Just a super quick check-in post to let my wordpress friends that I am doing okay, despite my silence these past few days.

Mother’s Day, my last post, was an emotional one for me. I spent a good chunk of the morning crying over years that I lost, and trauma I still carry in my heart. Most of the time, I don’t carry those things so close to the surface, but sometimes they emerge, and I deal with them as best I can.

This has not been the best week ever. I am dealing with some things that make me feel uncomfortable, angry, and scared. But I know that I am growing, because I grow the most when I feel the worst. I have every reason to believe that I will come through these current trials stronger than ever, but for now, I have to be okay with sitting with my discomfort. It’s just part of life. You can’t just stick your head in the sand forever, and ignore your problems- that’s the way they grow bigger! I am still learning, and even though this is a lesson I have learned before, I guess I didn’t learn it well enough because here it came again.

Thankfully, my mom is still in town, and I got to spend a really nice evening with her last night. This has been a rough few years for us- me working through a lot of stuff that happened a long time ago, and her trying to be patient with me, and trying to understand. There was a time, not too long ago, that I worried our relationship would never be okay again.
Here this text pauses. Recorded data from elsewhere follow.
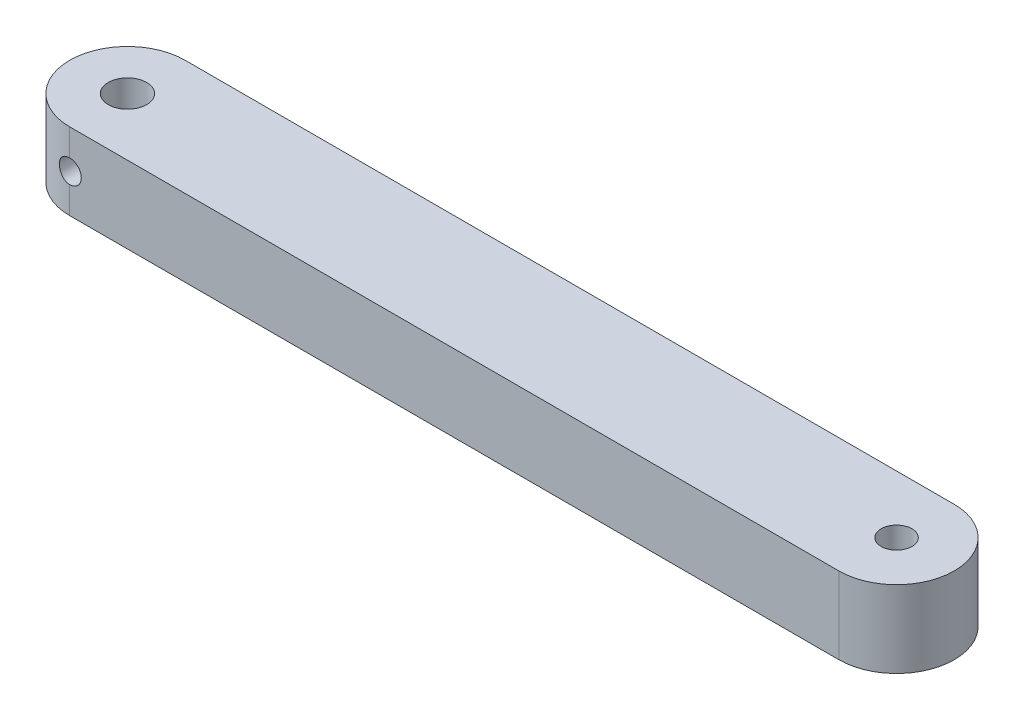
ISO-10303-21;
HEADER;
FILE_DESCRIPTION(('STEP AP214'),'2;1');
FILE_NAME('part.step','',(''),(''),'','','');
FILE_SCHEMA(('AUTOMOTIVE_DESIGN { 1 0 10303 214 1 1 1 1 }'));
ENDSEC;
DATA;
#1=APPLICATION_CONTEXT('core data for automotive mechanical design processes');
#2=APPLICATION_PROTOCOL_DEFINITION('international standard','automotive_design',2000,#1);
#3=PRODUCT_CONTEXT('',#1,'mechanical');
#4=PRODUCT('Part','Part','',(#3));
#5=PRODUCT_RELATED_PRODUCT_CATEGORY('part','',(#4));
#6=PRODUCT_DEFINITION_FORMATION('','',#4);
#7=PRODUCT_DEFINITION_CONTEXT('part definition',#1,'design');
#8=PRODUCT_DEFINITION('design','',#6,#7);
#9=PRODUCT_DEFINITION_SHAPE('','',#8);
#10=(LENGTH_UNIT() NAMED_UNIT(*) SI_UNIT(.MILLI.,.METRE.));
#11=(NAMED_UNIT(*) PLANE_ANGLE_UNIT() SI_UNIT($,.RADIAN.));
#12=(NAMED_UNIT(*) SI_UNIT($,.STERADIAN.) SOLID_ANGLE_UNIT());
#13=UNCERTAINTY_MEASURE_WITH_UNIT(LENGTH_MEASURE(1.E-05),#10,'distance_accuracy_value','');
#14=(GEOMETRIC_REPRESENTATION_CONTEXT(3) GLOBAL_UNCERTAINTY_ASSIGNED_CONTEXT((#13)) GLOBAL_UNIT_ASSIGNED_CONTEXT((#10,
#11,#12)) REPRESENTATION_CONTEXT('',''));
#15=CARTESIAN_POINT('',(0.,0.,0.));
#16=DIRECTION('',(0.,0.,1.));
#17=DIRECTION('',(1.,0.,0.));
#18=AXIS2_PLACEMENT_3D('',#15,#16,#17);
#19=CARTESIAN_POINT('',(0.,10.,0.));
#20=DIRECTION('',(0.,1.,0.));
#21=DIRECTION('',(0.,0.,1.));
#22=AXIS2_PLACEMENT_3D('',#19,#20,#21);
#23=PLANE('',#22);
#24=CARTESIAN_POINT('',(0.,10.,0.));
#25=DIRECTION('',(0.,1.,0.));
#26=DIRECTION('',(0.,0.,1.));
#27=AXIS2_PLACEMENT_3D('',#24,#25,#26);
#28=CIRCLE('',#27,2.5);
#29=CARTESIAN_POINT('',(0.,10.,2.5));
#30=VERTEX_POINT('',#29);
#31=EDGE_CURVE('E138',#30,#30,#28,.T.);
#32=ORIENTED_EDGE('',*,*,#31,.F.);
#33=EDGE_LOOP('',(#32));
#34=FACE_BOUND('',#33,.T.);
#35=CARTESIAN_POINT('',(0.,10.,0.));
#36=DIRECTION('',(0.,1.,0.));
#37=DIRECTION('',(0.,0.,1.));
#38=AXIS2_PLACEMENT_3D('',#35,#36,#37);
#39=CIRCLE('',#38,7.5);
#40=CARTESIAN_POINT('',(0.,10.,-7.5));
#41=VERTEX_POINT('',#40);
#42=CARTESIAN_POINT('',(0.,10.,7.5));
#43=VERTEX_POINT('',#42);
#44=EDGE_CURVE('E117',#41,#43,#39,.T.);
#45=ORIENTED_EDGE('',*,*,#44,.T.);
#46=DIRECTION('',(1.,0.,0.));
#47=VECTOR('',#46,1.);
#48=CARTESIAN_POINT('',(0.,10.,7.5));
#49=LINE('',#48,#47);
#50=CARTESIAN_POINT('',(100.,10.,7.5));
#51=VERTEX_POINT('',#50);
#52=EDGE_CURVE('E110',#43,#51,#49,.T.);
#53=ORIENTED_EDGE('',*,*,#52,.T.);
#54=CARTESIAN_POINT('',(100.,10.,0.));
#55=DIRECTION('',(0.,1.,0.));
#56=DIRECTION('',(0.,0.,1.));
#57=AXIS2_PLACEMENT_3D('',#54,#55,#56);
#58=CIRCLE('',#57,7.5);
#59=CARTESIAN_POINT('',(100.,10.,-7.5));
#60=VERTEX_POINT('',#59);
#61=EDGE_CURVE('E116',#51,#60,#58,.T.);
#62=ORIENTED_EDGE('',*,*,#61,.T.);
#63=DIRECTION('',(-1.,0.,0.));
#64=VECTOR('',#63,1.);
#65=CARTESIAN_POINT('',(0.,10.,-7.5));
#66=LINE('',#65,#64);
#67=EDGE_CURVE('E121',#60,#41,#66,.T.);
#68=ORIENTED_EDGE('',*,*,#67,.T.);
#69=EDGE_LOOP('',(#45,#53,#62,#68));
#70=FACE_BOUND('',#69,.T.);
#71=CARTESIAN_POINT('',(100.,10.,0.));
#72=DIRECTION('',(0.,1.,0.));
#73=DIRECTION('',(0.,0.,1.));
#74=AXIS2_PLACEMENT_3D('',#71,#72,#73);
#75=CIRCLE('',#74,2.);
#76=CARTESIAN_POINT('',(100.,10.,2.));
#77=VERTEX_POINT('',#76);
#78=EDGE_CURVE('E174',#77,#77,#75,.T.);
#79=ORIENTED_EDGE('',*,*,#78,.F.);
#80=EDGE_LOOP('',(#79));
#81=FACE_BOUND('',#80,.T.);
#82=ADVANCED_FACE('F37',(#34,#70,#81),#23,.T.);
#83=CARTESIAN_POINT('',(0.,0.,0.));
#84=DIRECTION('',(0.,1.,0.));
#85=DIRECTION('',(0.,0.,1.));
#86=AXIS2_PLACEMENT_3D('',#83,#84,#85);
#87=PLANE('',#86);
#88=CARTESIAN_POINT('',(0.,0.,0.));
#89=DIRECTION('',(0.,1.,0.));
#90=DIRECTION('',(0.,0.,1.));
#91=AXIS2_PLACEMENT_3D('',#88,#89,#90);
#92=CIRCLE('',#91,7.5);
#93=CARTESIAN_POINT('',(0.,0.,-7.5));
#94=VERTEX_POINT('',#93);
#95=CARTESIAN_POINT('',(0.,0.,7.5));
#96=VERTEX_POINT('',#95);
#97=EDGE_CURVE('E135',#94,#96,#92,.T.);
#98=ORIENTED_EDGE('',*,*,#97,.F.);
#99=DIRECTION('',(-1.,0.,0.));
#100=VECTOR('',#99,1.);
#101=CARTESIAN_POINT('',(0.,0.,-7.5));
#102=LINE('',#101,#100);
#103=CARTESIAN_POINT('',(100.,0.,-7.5));
#104=VERTEX_POINT('',#103);
#105=EDGE_CURVE('E123',#104,#94,#102,.T.);
#106=ORIENTED_EDGE('',*,*,#105,.F.);
#107=CARTESIAN_POINT('',(100.,0.,0.));
#108=DIRECTION('',(0.,1.,0.));
#109=DIRECTION('',(0.,0.,1.));
#110=AXIS2_PLACEMENT_3D('',#107,#108,#109);
#111=CIRCLE('',#110,7.5);
#112=CARTESIAN_POINT('',(100.,0.,7.5));
#113=VERTEX_POINT('',#112);
#114=EDGE_CURVE('E126',#113,#104,#111,.T.);
#115=ORIENTED_EDGE('',*,*,#114,.F.);
#116=DIRECTION('',(1.,0.,0.));
#117=VECTOR('',#116,1.);
#118=CARTESIAN_POINT('',(0.,0.,7.5));
#119=LINE('',#118,#117);
#120=EDGE_CURVE('E137',#96,#113,#119,.T.);
#121=ORIENTED_EDGE('',*,*,#120,.F.);
#122=EDGE_LOOP('',(#98,#106,#115,#121));
#123=FACE_BOUND('',#122,.T.);
#124=CARTESIAN_POINT('',(0.,0.,0.));
#125=DIRECTION('',(0.,1.,0.));
#126=DIRECTION('',(0.,0.,1.));
#127=AXIS2_PLACEMENT_3D('',#124,#125,#126);
#128=CIRCLE('',#127,2.5);
#129=CARTESIAN_POINT('',(0.,0.,2.5));
#130=VERTEX_POINT('',#129);
#131=EDGE_CURVE('E129',#130,#130,#128,.T.);
#132=ORIENTED_EDGE('',*,*,#131,.T.);
#133=EDGE_LOOP('',(#132));
#134=FACE_BOUND('',#133,.T.);
#135=CARTESIAN_POINT('',(100.,0.,0.));
#136=DIRECTION('',(0.,1.,0.));
#137=DIRECTION('',(0.,0.,1.));
#138=AXIS2_PLACEMENT_3D('',#135,#136,#137);
#139=CIRCLE('',#138,2.);
#140=CARTESIAN_POINT('',(100.,0.,2.));
#141=VERTEX_POINT('',#140);
#142=EDGE_CURVE('E173',#141,#141,#139,.T.);
#143=ORIENTED_EDGE('',*,*,#142,.T.);
#144=EDGE_LOOP('',(#143));
#145=FACE_BOUND('',#144,.T.);
#146=ADVANCED_FACE('F184',(#123,#134,#145),#87,.F.);
#147=CARTESIAN_POINT('',(0.,10.,0.));
#148=DIRECTION('',(0.,-1.,0.));
#149=DIRECTION('',(0.,0.,-1.));
#150=AXIS2_PLACEMENT_3D('',#147,#148,#149);
#151=CYLINDRICAL_SURFACE('',#150,7.5);
#152=DIRECTION('',(0.,-1.,0.));
#153=VECTOR('',#152,1.);
#154=CARTESIAN_POINT('',(0.,10.,-7.5));
#155=LINE('',#154,#153);
#156=CARTESIAN_POINT('',(0.,6.5,-7.5));
#157=VERTEX_POINT('',#156);
#158=EDGE_CURVE('E141',#41,#157,#155,.T.);
#159=ORIENTED_EDGE('',*,*,#158,.T.);
#160=CARTESIAN_POINT('',(0.,6.5,-7.5));
#161=CARTESIAN_POINT('',(-0.0417588238806595,6.500000199989,-7.5000019294386));
#162=CARTESIAN_POINT('',(-0.0834972486661915,6.49825509362905,-7.49965080706269));
#163=CARTESIAN_POINT('',(-0.166667522296179,6.49129630867769,-7.49826296747188));
#164=CARTESIAN_POINT('',(-0.208099406878304,6.48608304107254,-7.49722633149222));
#165=CARTESIAN_POINT('',(-0.331355922116846,6.46530640251967,-7.49312528992398));
#166=CARTESIAN_POINT('',(-0.41234239107993,6.44460595029617,-7.48906955781142));
#167=CARTESIAN_POINT('',(-0.569603820370937,6.39013947757882,-7.4787553223484));
#168=CARTESIAN_POINT('',(-0.645878149578835,6.35637171129593,-7.47249652467919));
#169=CARTESIAN_POINT('',(-0.79169781184439,6.27675862254238,-7.4584570747012));
#170=CARTESIAN_POINT('',(-0.861242546045014,6.23091222656068,-7.45067628713854));
#171=CARTESIAN_POINT('',(-0.992538358456238,6.12779449211039,-7.43433285580329));
#172=CARTESIAN_POINT('',(-1.0541857727216,6.07039251915983,-7.42576194229067));
#173=CARTESIAN_POINT('',(-1.16705033226613,5.94606729101681,-7.4088634378278));
#174=CARTESIAN_POINT('',(-1.21826574456214,5.8791424570008,-7.40053588750196));
#175=CARTESIAN_POINT('',(-1.30924897408037,5.73692372632661,-7.38498641183308));
#176=CARTESIAN_POINT('',(-1.34890862443514,5.6615593561885,-7.37777521215949));
#177=CARTESIAN_POINT('',(-1.41495994302328,5.5050727805384,-7.36539373330322));
#178=CARTESIAN_POINT('',(-1.44135365369349,5.42395146356756,-7.36022313997317));
#179=CARTESIAN_POINT('',(-1.47978773053826,5.25937441462128,-7.35259212352478));
#180=CARTESIAN_POINT('',(-1.49201146291305,5.17596314124198,-7.35009710960273));
#181=CARTESIAN_POINT('',(-1.50232823357088,5.00823724495598,-7.34799561720878));
#182=CARTESIAN_POINT('',(-1.50042238657601,4.92392269383542,-7.34838891087016));
#183=CARTESIAN_POINT('',(-1.48268182946398,4.75812951579351,-7.35198827369261));
#184=CARTESIAN_POINT('',(-1.46705770151904,4.6766272946816,-7.3551518162601));
#185=CARTESIAN_POINT('',(-1.42265661080304,4.51742531668611,-7.3638682327755));
#186=CARTESIAN_POINT('',(-1.39387911581566,4.43972571380629,-7.3694212034048));
#187=CARTESIAN_POINT('',(-1.32378662937019,4.28972589268079,-7.38233438253368));
#188=CARTESIAN_POINT('',(-1.28238797044238,4.21746584660487,-7.38970658686288));
#189=CARTESIAN_POINT('',(-1.18828856924967,4.08084163227478,-7.40541955122167));
#190=CARTESIAN_POINT('',(-1.13558689280806,4.01647811734817,-7.41376039128134));
#191=CARTESIAN_POINT('',(-1.01925779239801,3.89626373663883,-7.43065422195608));
#192=CARTESIAN_POINT('',(-0.955451919405018,3.84058558800329,-7.43920833982593));
#193=CARTESIAN_POINT('',(-0.819295069055363,3.74068062625128,-7.45543073341046));
#194=CARTESIAN_POINT('',(-0.746941784477093,3.69645691538805,-7.46309876883295));
#195=CARTESIAN_POINT('',(-0.595541826551299,3.62068308011789,-7.47670503767622));
#196=CARTESIAN_POINT('',(-0.516481347080535,3.5891599043293,-7.4826395856423));
#197=CARTESIAN_POINT('',(-0.35409280389314,3.53993419257239,-7.49207579538012));
#198=CARTESIAN_POINT('',(-0.270771242320029,3.5222112316336,-7.49558105176947));
#199=CARTESIAN_POINT('',(-0.155653296444621,3.50776944402476,-7.49844943296439));
#200=CARTESIAN_POINT('',(-0.124569552760206,3.50485487455971,-7.49903032326109));
#201=CARTESIAN_POINT('',(-0.062328541332932,3.50097259967468,-7.49980526873343));
#202=CARTESIAN_POINT('',(-0.0311714861322037,3.50000161771567,-7.49999997494093));
#203=CARTESIAN_POINT('',(0.,3.5,-7.5));
#204=B_SPLINE_CURVE_WITH_KNOTS('',3,(#160,#161,#162,#163,#164,#165,#166,#167,#168,#169,#170,
#171,#172,#173,#174,#175,#176,#177,#178,#179,#180,#181,#182,#183,#184,#185,#186,#187,#188,#189,
#190,#191,#192,#193,#194,#195,#196,#197,#198,#199,#200,#201,#202,#203),.UNSPECIFIED.,.F.,.F.,(4,
2,2,2,2,2,2,2,2,2,2,2,2,2,2,2,2,2,2,2,2,4),(0.,0.125198255228414,0.250381676775741,
0.500153380174508,0.749958464521305,0.999785758261491,1.25261429602725,1.50548479993728,
1.76065137165548,2.01577864563976,2.26756623950159,2.51933396934624,2.76730321446666,
3.01528249389692,3.26494278906263,3.51462372621779,3.76876744217129,4.02297991712635,
4.27772898721966,4.53210029617248,4.62572822727717,4.71919818514264),.UNSPECIFIED.);
#205=CARTESIAN_POINT('',(0.,3.5,-7.5));
#206=VERTEX_POINT('',#205);
#207=EDGE_CURVE('E66',#157,#206,#204,.T.);
#208=ORIENTED_EDGE('',*,*,#207,.T.);
#209=EDGE_CURVE('E134',#206,#94,#155,.T.);
#210=ORIENTED_EDGE('',*,*,#209,.T.);
#211=ORIENTED_EDGE('',*,*,#97,.T.);
#212=DIRECTION('',(0.,-1.,0.));
#213=VECTOR('',#212,1.);
#214=CARTESIAN_POINT('',(0.,10.,7.5));
#215=LINE('',#214,#213);
#216=CARTESIAN_POINT('',(0.,3.5,7.5));
#217=VERTEX_POINT('',#216);
#218=EDGE_CURVE('E52',#217,#96,#215,.T.);
#219=ORIENTED_EDGE('',*,*,#218,.F.);
#220=CARTESIAN_POINT('',(0.,3.5,7.5));
#221=CARTESIAN_POINT('',(-0.0417588238806586,3.499999800011,7.5000019294386));
#222=CARTESIAN_POINT('',(-0.0834972486661906,3.50174490637095,7.49965080706269));
#223=CARTESIAN_POINT('',(-0.166667522296178,3.50870369132231,7.49826296747188));
#224=CARTESIAN_POINT('',(-0.208099406878303,3.51391695892746,7.49722633149222));
#225=CARTESIAN_POINT('',(-0.331355922116845,3.53469359748033,7.49312528992398));
#226=CARTESIAN_POINT('',(-0.412342391079929,3.55539404970383,7.48906955781142));
#227=CARTESIAN_POINT('',(-0.569603820370936,3.60986052242117,7.4787553223484));
#228=CARTESIAN_POINT('',(-0.645878149578834,3.64362828870407,7.47249652467919));
#229=CARTESIAN_POINT('',(-0.791697811844389,3.72324137745762,7.4584570747012));
#230=CARTESIAN_POINT('',(-0.861242546045013,3.76908777343932,7.45067628713854));
#231=CARTESIAN_POINT('',(-0.992538358456237,3.87220550788961,7.43433285580329));
#232=CARTESIAN_POINT('',(-1.0541857727216,3.92960748084017,7.42576194229067));
#233=CARTESIAN_POINT('',(-1.16705033226613,4.05393270898319,7.4088634378278));
#234=CARTESIAN_POINT('',(-1.21826574456214,4.1208575429992,7.40053588750196));
#235=CARTESIAN_POINT('',(-1.30924897408037,4.26307627367339,7.38498641183308));
#236=CARTESIAN_POINT('',(-1.34890862443514,4.3384406438115,7.37777521215949));
#237=CARTESIAN_POINT('',(-1.41495994302328,4.4949272194616,7.36539373330321));
#238=CARTESIAN_POINT('',(-1.44135365369349,4.57604853643244,7.36022313997317));
#239=CARTESIAN_POINT('',(-1.47978773053826,4.74062558537872,7.35259212352478));
#240=CARTESIAN_POINT('',(-1.49201146291305,4.82403685875801,7.35009710960273));
#241=CARTESIAN_POINT('',(-1.50232823357088,4.99176275504402,7.34799561720878));
#242=CARTESIAN_POINT('',(-1.50042238657601,5.07607730616457,7.34838891087016));
#243=CARTESIAN_POINT('',(-1.48268182946398,5.24187048420649,7.35198827369261));
#244=CARTESIAN_POINT('',(-1.46705770151904,5.3233727053184,7.3551518162601));
#245=CARTESIAN_POINT('',(-1.42265661080304,5.48257468331389,7.3638682327755));
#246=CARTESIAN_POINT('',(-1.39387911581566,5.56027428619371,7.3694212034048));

But I realized this morning that my fears were unfounded- I felt exactly the way I want to feel with my mom last night: Safe, loved, understood. We laughed and visited and just hung out, and it was so nice. Now she is getting ready to head home, and I find myself wishing she could stay here forever, so that I could see her all the time. I really love my mom.

To sum it all up, I’m just tired this morning. The kind of tired that comes from being bombarded with too many feelings, too fast. It drains you, doesn’t it? But I know it is only temporary, as everything always is, and that I am truly doing everything that is within my power to fix what is broken. No matter what the end result is, I will know I did my very best. That’s really all you can ever do, isn’t it?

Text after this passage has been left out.